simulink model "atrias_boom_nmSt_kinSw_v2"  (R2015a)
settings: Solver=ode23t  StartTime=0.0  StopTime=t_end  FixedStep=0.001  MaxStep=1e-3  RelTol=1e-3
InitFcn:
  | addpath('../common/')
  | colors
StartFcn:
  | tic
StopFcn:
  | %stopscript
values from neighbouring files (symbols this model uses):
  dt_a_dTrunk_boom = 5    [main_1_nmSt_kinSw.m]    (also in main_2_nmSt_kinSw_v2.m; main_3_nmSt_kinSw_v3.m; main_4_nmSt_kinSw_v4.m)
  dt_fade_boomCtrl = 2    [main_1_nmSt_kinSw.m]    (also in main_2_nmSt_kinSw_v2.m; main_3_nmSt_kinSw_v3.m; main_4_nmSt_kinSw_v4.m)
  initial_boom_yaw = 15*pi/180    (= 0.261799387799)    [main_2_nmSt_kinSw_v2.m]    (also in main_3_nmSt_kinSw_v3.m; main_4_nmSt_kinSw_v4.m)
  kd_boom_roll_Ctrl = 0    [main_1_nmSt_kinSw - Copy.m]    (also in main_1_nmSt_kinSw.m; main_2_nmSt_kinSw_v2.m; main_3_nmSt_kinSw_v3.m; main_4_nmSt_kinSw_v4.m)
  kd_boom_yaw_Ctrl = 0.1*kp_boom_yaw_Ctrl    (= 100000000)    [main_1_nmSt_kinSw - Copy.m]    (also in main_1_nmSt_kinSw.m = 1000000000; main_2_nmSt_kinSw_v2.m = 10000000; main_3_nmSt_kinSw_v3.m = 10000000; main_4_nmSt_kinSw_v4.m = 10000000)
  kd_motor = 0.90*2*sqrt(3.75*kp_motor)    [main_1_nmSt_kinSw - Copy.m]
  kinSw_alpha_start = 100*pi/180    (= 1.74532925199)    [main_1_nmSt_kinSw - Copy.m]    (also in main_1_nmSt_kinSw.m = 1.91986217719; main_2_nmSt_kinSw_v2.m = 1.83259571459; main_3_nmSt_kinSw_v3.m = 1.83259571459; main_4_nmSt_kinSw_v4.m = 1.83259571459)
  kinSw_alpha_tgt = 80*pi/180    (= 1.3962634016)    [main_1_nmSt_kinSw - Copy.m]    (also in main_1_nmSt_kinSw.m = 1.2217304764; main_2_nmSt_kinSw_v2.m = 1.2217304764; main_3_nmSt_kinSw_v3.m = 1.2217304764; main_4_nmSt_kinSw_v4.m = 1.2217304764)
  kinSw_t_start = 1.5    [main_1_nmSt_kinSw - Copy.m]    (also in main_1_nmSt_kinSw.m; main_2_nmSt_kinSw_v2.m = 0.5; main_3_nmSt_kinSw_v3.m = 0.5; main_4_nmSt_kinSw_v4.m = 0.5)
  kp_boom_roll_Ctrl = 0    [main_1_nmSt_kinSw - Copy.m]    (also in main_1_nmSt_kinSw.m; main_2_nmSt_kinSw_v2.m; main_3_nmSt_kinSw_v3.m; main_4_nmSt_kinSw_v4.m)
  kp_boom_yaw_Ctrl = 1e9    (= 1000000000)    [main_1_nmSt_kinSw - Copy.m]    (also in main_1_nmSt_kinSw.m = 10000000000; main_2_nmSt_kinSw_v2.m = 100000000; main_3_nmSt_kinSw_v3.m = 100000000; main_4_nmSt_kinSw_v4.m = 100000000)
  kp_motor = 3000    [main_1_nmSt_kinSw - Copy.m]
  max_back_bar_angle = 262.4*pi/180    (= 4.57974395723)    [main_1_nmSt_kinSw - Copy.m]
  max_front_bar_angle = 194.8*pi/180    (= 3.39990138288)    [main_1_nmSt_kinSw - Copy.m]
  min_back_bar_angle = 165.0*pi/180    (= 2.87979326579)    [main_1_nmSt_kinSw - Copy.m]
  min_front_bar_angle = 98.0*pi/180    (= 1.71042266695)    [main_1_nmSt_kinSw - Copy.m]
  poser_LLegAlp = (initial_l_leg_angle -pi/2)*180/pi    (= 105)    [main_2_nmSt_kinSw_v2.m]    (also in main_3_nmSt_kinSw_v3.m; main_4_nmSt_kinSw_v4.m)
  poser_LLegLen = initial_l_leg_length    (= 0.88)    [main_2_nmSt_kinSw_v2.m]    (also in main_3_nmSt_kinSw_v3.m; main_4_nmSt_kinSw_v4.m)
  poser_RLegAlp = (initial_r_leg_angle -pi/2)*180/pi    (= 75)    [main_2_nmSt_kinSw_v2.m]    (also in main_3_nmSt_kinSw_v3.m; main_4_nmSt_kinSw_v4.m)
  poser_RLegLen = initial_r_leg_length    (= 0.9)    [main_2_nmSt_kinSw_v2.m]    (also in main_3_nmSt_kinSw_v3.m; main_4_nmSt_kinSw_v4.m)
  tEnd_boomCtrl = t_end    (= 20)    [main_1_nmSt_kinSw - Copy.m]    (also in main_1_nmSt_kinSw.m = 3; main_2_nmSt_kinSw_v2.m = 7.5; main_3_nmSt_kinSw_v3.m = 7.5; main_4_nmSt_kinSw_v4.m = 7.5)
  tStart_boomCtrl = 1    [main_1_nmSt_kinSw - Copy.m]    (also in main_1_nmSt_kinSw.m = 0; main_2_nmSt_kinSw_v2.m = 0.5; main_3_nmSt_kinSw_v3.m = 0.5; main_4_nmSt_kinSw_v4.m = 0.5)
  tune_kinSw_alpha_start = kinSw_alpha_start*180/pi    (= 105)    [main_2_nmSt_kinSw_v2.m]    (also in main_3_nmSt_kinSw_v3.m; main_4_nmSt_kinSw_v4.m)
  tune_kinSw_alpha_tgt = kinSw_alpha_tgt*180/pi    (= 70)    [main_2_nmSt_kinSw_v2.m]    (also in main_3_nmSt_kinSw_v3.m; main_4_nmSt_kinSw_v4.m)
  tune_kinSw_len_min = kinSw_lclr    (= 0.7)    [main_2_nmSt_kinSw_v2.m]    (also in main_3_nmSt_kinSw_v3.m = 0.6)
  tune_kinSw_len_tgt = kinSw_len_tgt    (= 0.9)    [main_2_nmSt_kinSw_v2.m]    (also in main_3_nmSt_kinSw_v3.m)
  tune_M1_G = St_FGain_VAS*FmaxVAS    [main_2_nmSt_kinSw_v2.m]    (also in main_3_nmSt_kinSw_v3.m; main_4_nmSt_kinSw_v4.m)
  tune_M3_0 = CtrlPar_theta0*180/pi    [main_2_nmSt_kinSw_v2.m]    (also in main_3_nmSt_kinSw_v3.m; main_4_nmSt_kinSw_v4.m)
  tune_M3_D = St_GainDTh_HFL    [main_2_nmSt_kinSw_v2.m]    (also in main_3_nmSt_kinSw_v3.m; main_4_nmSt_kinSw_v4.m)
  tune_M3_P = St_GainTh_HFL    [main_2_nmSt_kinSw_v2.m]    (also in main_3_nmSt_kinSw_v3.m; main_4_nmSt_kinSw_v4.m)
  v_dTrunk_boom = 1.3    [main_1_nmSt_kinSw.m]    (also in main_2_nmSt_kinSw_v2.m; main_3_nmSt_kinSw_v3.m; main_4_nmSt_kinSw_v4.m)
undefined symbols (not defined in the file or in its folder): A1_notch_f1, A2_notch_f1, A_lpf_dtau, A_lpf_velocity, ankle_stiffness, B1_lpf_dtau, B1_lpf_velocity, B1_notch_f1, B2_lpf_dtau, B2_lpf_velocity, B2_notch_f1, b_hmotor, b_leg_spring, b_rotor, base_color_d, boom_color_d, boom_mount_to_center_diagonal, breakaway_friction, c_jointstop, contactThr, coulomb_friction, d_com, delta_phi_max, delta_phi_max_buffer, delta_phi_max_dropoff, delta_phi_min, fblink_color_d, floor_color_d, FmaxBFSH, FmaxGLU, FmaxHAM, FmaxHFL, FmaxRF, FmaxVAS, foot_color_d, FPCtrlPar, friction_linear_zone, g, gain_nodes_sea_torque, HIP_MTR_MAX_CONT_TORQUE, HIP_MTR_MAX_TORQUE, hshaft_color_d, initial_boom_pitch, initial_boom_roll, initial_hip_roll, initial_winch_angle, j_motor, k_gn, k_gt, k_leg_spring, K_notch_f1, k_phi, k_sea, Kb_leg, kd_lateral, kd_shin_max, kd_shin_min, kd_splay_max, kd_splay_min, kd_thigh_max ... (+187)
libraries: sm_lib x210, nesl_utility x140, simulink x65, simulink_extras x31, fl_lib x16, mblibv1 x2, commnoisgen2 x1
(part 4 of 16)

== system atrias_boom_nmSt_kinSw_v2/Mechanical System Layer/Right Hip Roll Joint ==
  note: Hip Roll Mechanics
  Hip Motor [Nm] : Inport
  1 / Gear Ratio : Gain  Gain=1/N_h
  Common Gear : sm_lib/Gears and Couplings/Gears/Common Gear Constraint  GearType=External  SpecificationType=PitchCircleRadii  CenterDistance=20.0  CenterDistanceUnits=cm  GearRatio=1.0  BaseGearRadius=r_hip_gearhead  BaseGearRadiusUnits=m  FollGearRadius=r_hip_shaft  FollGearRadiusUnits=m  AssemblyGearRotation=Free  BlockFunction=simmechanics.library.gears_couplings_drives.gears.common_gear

Exercise prompt:
Beginning at the line with "tune_M3_0 = CtrlPar_theta0*180/pi" and stopping after the line with "v_dTrunk_boom = 1.3", please write out every line of the data above exactly and nothing else.

Task solution:
  tune_M3_0 = CtrlPar_theta0*180/pi    [main_2_nmSt_kinSw_v2.m]    (also in main_3_nmSt_kinSw_v3.m; main_4_nmSt_kinSw_v4.m)
  tune_M3_D = St_GainDTh_HFL    [main_2_nmSt_kinSw_v2.m]    (also in main_3_nmSt_kinSw_v3.m; main_4_nmSt_kinSw_v4.m)
  tune_M3_P = St_GainTh_HFL    [main_2_nmSt_kinSw_v2.m]    (also in main_3_nmSt_kinSw_v3.m; main_4_nmSt_kinSw_v4.m)
  v_dTrunk_boom = 1.3    [main_1_nmSt_kinSw.m]    (also in main_2_nmSt_kinSw_v2.m; main_3_nmSt_kinSw_v3.m; main_4_nmSt_kinSw_v4.m)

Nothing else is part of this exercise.